Always apply for state disability insurance (SDI). Whenever
you have an injury that results in your inability to work,
always—and immediately—apply for SDI from the
Employment Development Department (EDD). That way, you’ll
receive income from this source in case of a delay or denial of
your claim. When your workers’ compensation benefits begin,
it’s important that you promptly inform the EDD, so it will
discontinue SDI payments. (You may also be entitled to retroactive
temporary disability benefits from the insurance company if you
received less in SDI payments than you would have from the
workers’ compensation insurance company.) We cover SDI in
Chapter 17, Section A.
The doctor’s first report will often be relied upon by the insurance company to determine the extent of your injuries and whether they resulted from your employment.
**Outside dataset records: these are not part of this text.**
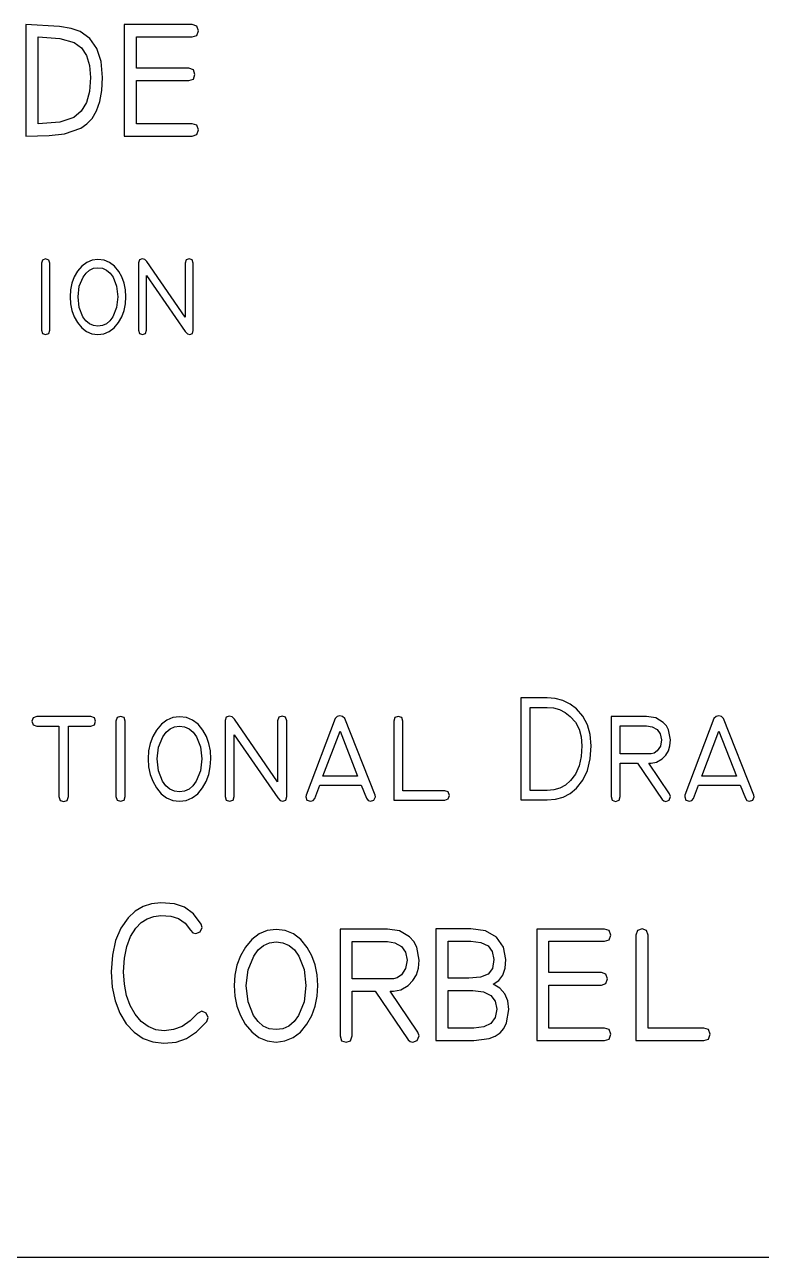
# Model space of a CAD drawing. Extents: x -785 to 785, y -677 to 677.
# Drawn here: x -422.5 to -178.3, y -677.5 to -268.6 of the extents above; entities that cross this region are included whole.
import ezdxf

# ---------------------------------------------------------------- set-up
doc = ezdxf.new("R2010")
doc.units = 0
doc.header["$MEASUREMENT"] = 0
doc.layers.get('0').update_dxf_attribs({"linetype": 'CONTINUOUS'})

msp = doc.modelspace()

# ---------------------------------------------------------------- linework, layer by layer
at = {"color": 22}
for p, q in [((-411.03, -269.21), (-422.13, -268.64)), ((-422.13, -268.64), (-422.13, -305.63)), ((-407.08, -269.92), (-411.03, -269.21)), ((-367.01, -268.64), (-389.5, -268.64)), ((-389.5, -268.64), (-389.5, -305.63)), ((-365.46, -269.14), (-367.01, -268.64)), ((-364.94, -270.65), (-365.46, -269.14)), ((-418.05, -301.5), (-418.05, -272.73)), ((-418.05, -272.73), (-410.84, -273.18)), ((-410.84, -273.18), (-406.12, -274.53)), ((-404.18, -270.91), (-407.08, -269.92)), ((-400.91, -273.22), (-404.18, -270.91)), ((-398.57, -276.54), (-400.91, -273.22)), ((-385.5, -283.08), (-385.5, -272.72)), ((-385.5, -272.72), (-367.01, -272.72)), ((-367.01, -272.72), (-365.46, -272.2)), ((-365.46, -272.2), (-364.94, -270.65)), ((-406.12, -274.53), (-403.73, -276.34)), ((-403.73, -276.34), (-402.02, -278.89)), ((-397.17, -280.87), (-398.57, -276.54)), ((-402.02, -278.89), (-400.99, -282.18)), ((-396.71, -286.2), (-397.17, -280.87)), ((-400.99, -282.18), (-400.65, -286.21)), ((-368.08, -283.08), (-385.5, -283.08)), ((-366.58, -283.6), (-368.08, -283.08)), ((-366.08, -285.15), (-366.58, -283.6)), ((-366.58, -286.7), (-366.08, -285.15)), ((-400.65, -286.21), (-401, -290.77)), ((-396.92, -290.46), (-396.71, -286.2)), ((-385.5, -301.49), (-385.5, -287.22)), ((-385.5, -287.22), (-368.08, -287.22)), ((-368.08, -287.22), (-366.58, -286.7)), ((-401, -290.77), (-402.03, -294.49)), ((-398.66, -297.27), (-397.57, -294.15)), ((-397.57, -294.15), (-396.92, -290.46)), ((-403.76, -297.37), (-406.18, -299.43)), ((-402.03, -294.49), (-403.76, -297.37)), ((-400.18, -299.82), (-398.66, -297.27)), ((-410.85, -300.98), (-418.05, -301.5)), ((-406.18, -299.43), (-410.85, -300.98)), ((-403.96, -303.03), (-401.87, -301.59)), ((-401.87, -301.59), (-400.18, -299.82)), ((-367.01, -301.49), (-385.5, -301.49)), ((-365.46, -302.01), (-367.01, -301.49)), ((-364.94, -303.56), (-365.46, -302.01)), ((-422.13, -305.63), (-414.45, -305.45)), ((-414.45, -305.45), (-409.32, -304.9)), ((-409.32, -304.9), (-403.96, -303.03)), ((-389.5, -305.63), (-367.01, -305.63)), ((-367.01, -305.63), (-365.46, -305.12)), ((-365.46, -305.12), (-364.94, -303.56))]:
    msp.add_line(p, q, dxfattribs=at)
at = {"color": 40}
for p, q in [((-416.62, -346.73), (-416.97, -347.8)), ((-415.59, -346.37), (-416.62, -346.73)), ((-414.55, -346.73), (-415.59, -346.37)), ((-414.21, -347.8), (-414.55, -346.73)), ((-401.95, -347.48), (-403.56, -348.71)), ((-400.18, -346.75), (-401.95, -347.48)), ((-398.24, -346.51), (-400.18, -346.75)), ((-396.19, -346.75), (-398.24, -346.51)), ((-394.36, -347.5), (-396.19, -346.75)), ((-392.74, -348.73), (-394.36, -347.5)), ((-384.48, -346.62), (-384.79, -347.62)), ((-383.54, -346.29), (-384.48, -346.62)), ((-382.72, -346.52), (-383.54, -346.29)), ((-382.03, -347.22), (-382.72, -346.52)), ((-369.3, -365.65), (-382.03, -347.22)), ((-368.96, -346.65), (-369.3, -347.72)), ((-367.96, -346.29), (-368.96, -346.65)), ((-366.96, -346.65), (-367.96, -346.29)), ((-366.62, -347.72), (-366.96, -346.65)), ((-416.97, -347.8), (-416.97, -370)), ((-414.21, -370), (-414.21, -347.8)), ((-405, -350.42), (-406.09, -352.34)), ((-403.56, -348.71), (-405, -350.42)), ((-403.18, -352.42), (-402.17, -351.04)), ((-402.17, -351.04), (-401.01, -350.05)), ((-401.01, -350.05), (-399.7, -349.46)), ((-399.7, -349.46), (-398.24, -349.26)), ((-398.24, -349.26), (-396.71, -349.46)), ((-396.71, -349.46), (-395.36, -350.05)), ((-395.36, -350.05), (-394.19, -351.04)), ((-394.19, -351.04), (-393.21, -352.42)), ((-391.34, -350.47), (-392.74, -348.73)), ((-390.31, -352.33), (-391.34, -350.47)), ((-384.79, -347.62), (-384.79, -370.01)), ((-369.3, -347.72), (-369.3, -365.65)), ((-366.62, -370.04), (-366.62, -347.72)), ((-406.87, -354.39), (-407.34, -356.59)), ((-406.09, -352.34), (-406.87, -354.39)), ((-404.82, -358.92), (-404.41, -355.43)), ((-404.41, -355.43), (-403.18, -352.42)), ((-393.21, -352.42), (-392.04, -355.38)), ((-392.04, -355.38), (-391.65, -358.92)), ((-389.57, -354.36), (-390.31, -352.33)), ((-389.13, -356.56), (-389.57, -354.36)), ((-382.12, -370.01), (-382.12, -351.8)), ((-382.12, -351.8), (-369.26, -370.41)), ((-407.34, -356.59), (-407.49, -358.92)), ((-407.49, -358.92), (-407.34, -361.27)), ((-404.42, -362.48), (-404.82, -358.92)), ((-391.65, -358.92), (-392.06, -362.48)), ((-389.14, -361.29), (-388.98, -358.92)), ((-388.98, -358.92), (-389.13, -356.56)), ((-407.34, -361.27), (-406.88, -363.47)), ((-406.88, -363.47), (-406.12, -365.52)), ((-403.22, -365.51), (-404.42, -362.48)), ((-392.06, -362.48), (-393.26, -365.51)), ((-390.36, -365.56), (-389.59, -363.5)), ((-389.59, -363.5), (-389.14, -361.29)), ((-406.12, -365.52), (-405.05, -367.42)), ((-405.05, -367.42), (-403.62, -369.17)), ((-402.22, -366.89), (-403.22, -365.51)), ((-401.06, -367.88), (-402.22, -366.89)), ((-399.73, -368.47), (-401.06, -367.88)), ((-395.41, -367.88), (-396.74, -368.47)), ((-394.25, -366.89), (-395.41, -367.88)), ((-393.26, -365.51), (-394.25, -366.89)), ((-392.86, -369.2), (-391.43, -367.47)), ((-391.43, -367.47), (-390.36, -365.56)), ((-416.97, -370), (-416.62, -371.07)), ((-416.62, -371.07), (-415.59, -371.43)), ((-415.59, -371.43), (-414.55, -371.07)), ((-414.55, -371.07), (-414.21, -370)), ((-403.62, -369.17), (-402.01, -370.42)), ((-402.01, -370.42), (-400.22, -371.18)), ((-400.22, -371.18), (-398.24, -371.43)), ((-398.24, -368.67), (-399.73, -368.47)), ((-396.74, -368.47), (-398.24, -368.67)), ((-398.24, -371.43), (-396.26, -371.18)), ((-396.26, -371.18), (-394.47, -370.44)), ((-394.47, -370.44), (-392.86, -369.2)), ((-384.79, -370.01), (-384.45, -371.07)), ((-384.45, -371.07), (-383.45, -371.43)), ((-383.45, -371.43), (-382.45, -371.07)), ((-382.45, -371.07), (-382.12, -370.01)), ((-369.26, -370.41), (-368.52, -371.17)), ((-368.52, -371.17), (-367.74, -371.43)), ((-367.74, -371.43), (-366.9, -371.08)), ((-366.9, -371.08), (-366.62, -370.04)), ((785, -677.5), (-785, -677.5))]:
    msp.add_line(p, q, dxfattribs=at)
at = {"color": 95}
for p, q in [((-249.31, -491.9), (-258.02, -491.9)), ((-258.02, -491.9), (-258.02, -525.8)), ((-246.58, -492.13), (-249.31, -491.9)), ((-244.04, -492.83), (-246.58, -492.13)), ((-241.7, -493.99), (-244.04, -492.83)), ((-239.55, -495.61), (-241.7, -493.99)), ((-419.75, -498.51), (-420.15, -499.71)), ((-418.54, -498.11), (-419.75, -498.51)), ((-400.61, -498.11), (-418.54, -498.11)), ((-399.4, -498.51), (-400.61, -498.11)), ((-399, -499.71), (-399.4, -498.51)), ((-391.89, -498.46), (-392.28, -499.66)), ((-390.73, -498.06), (-391.89, -498.46)), ((-389.57, -498.46), (-390.73, -498.06)), ((-389.18, -499.66), (-389.57, -498.46)), ((-373.4, -498.48), (-375.39, -499.31)), ((-371.21, -498.21), (-373.4, -498.48)), ((-368.91, -498.49), (-371.21, -498.21)), ((-366.84, -499.32), (-368.91, -498.49)), ((-355.73, -498.34), (-356.08, -499.46)), ((-354.68, -497.96), (-355.73, -498.34)), ((-353.75, -498.23), (-354.68, -497.96)), ((-352.98, -499.02), (-353.75, -498.23)), ((-338.28, -498.37), (-338.65, -499.57)), ((-337.15, -497.96), (-338.28, -498.37)), ((-336.02, -498.37), (-337.15, -497.96)), ((-335.65, -499.57), (-336.02, -498.37)), ((-318.88, -498.1), (-319.61, -498.82)), ((-318, -497.87), (-318.88, -498.1)), ((-317.13, -498.1), (-318, -497.87)), ((-316.4, -498.82), (-317.13, -498.1)), ((-299.76, -498.46), (-300.13, -499.66)), ((-298.63, -498.06), (-299.76, -498.46)), ((-297.5, -498.46), (-298.63, -498.06)), ((-297.12, -499.66), (-297.5, -498.46)), ((-254.96, -522.7), (-254.96, -495.1)), ((-254.96, -495.1), (-249.31, -495.1)), ((-249.31, -495.1), (-247.16, -495.29)), ((-247.16, -495.29), (-245.16, -495.84)), ((-245.16, -495.84), (-243.3, -496.77)), ((-243.3, -496.77), (-241.6, -498.06)), ((-241.6, -498.06), (-239.92, -500)), ((-237.43, -498.02), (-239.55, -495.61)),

Tell the doctor that you injured yourself at work (if that’s true) and how the injury occurred (if you know). In addition to giving the doctor a complete history of your medical problems (if asked), be sure to cover all your symptoms and sources of pain. For instance, even if most of your pain is in your back, if your arm hurts even a little, tell the doctor! You’ll find detailed information on dealing with doctors in Chapter 9.
The first doctor you see will probably determine whether or not you need some time off from work to recover from the effects of your injury. Depending on the doctor’s findings, you will receive one of the following:
Especially if you are given an off-work order, it’s essential that you keep your employer advised of your medical status. If you neglect to do so, you may be fired for failing to report to work without a valid excuse. If, however, you keep your employer informed, you cannot legally be fired for injuring yourself, filing a workers’ compensation claim, and obeying doctor’s orders.
Your next step is to protect your rights as an injured worker under the workers’ compensation system by promptly completing two forms:
Time limits to file a claim. Your workers’
compensation claim form (DWC-1) and the Application for
Adjudication of Claim must by law be filed within one year from the
date of injury. But, as a matter of common sense, you should
complete and file these within 30 days of your injury, or at your
first opportunity. (We provide sample forms and detailed
instructions in Chapter 5, Section C.)
As emphasized throughout this book, your treating doctor makes many important decisions that affect your workers’ compensation case. Among other things, this doctor decides whether you are seriously injured, what type of treatment you need, and when and if you can return to work.
If you gave your employer a written designation of your treating physician prior to your injury, you may receive medical care from that doctor if you meet certain requirements (see Chapter 9, Section B1).
If you did not designate a treating physician in advance, you cannot pick your own doctor until a certain period of time has passed after your injury. For most workers, this time period is 30 days. Pay attention to this time period, and choose your own doctor as soon as you legally can. (See Chapter 9, Section B, for details.)
If your employer has established a medical provider network, you cannot go to a doctor outside the network (unless you predesignated your doctor). You can request a second and third opinion within the network and, if you’re still not satisfied, submit an "independent medical review application" to the administrative director asking to be sent to another doctor outside of the network. For more information, see Chapter 9, Section A3d.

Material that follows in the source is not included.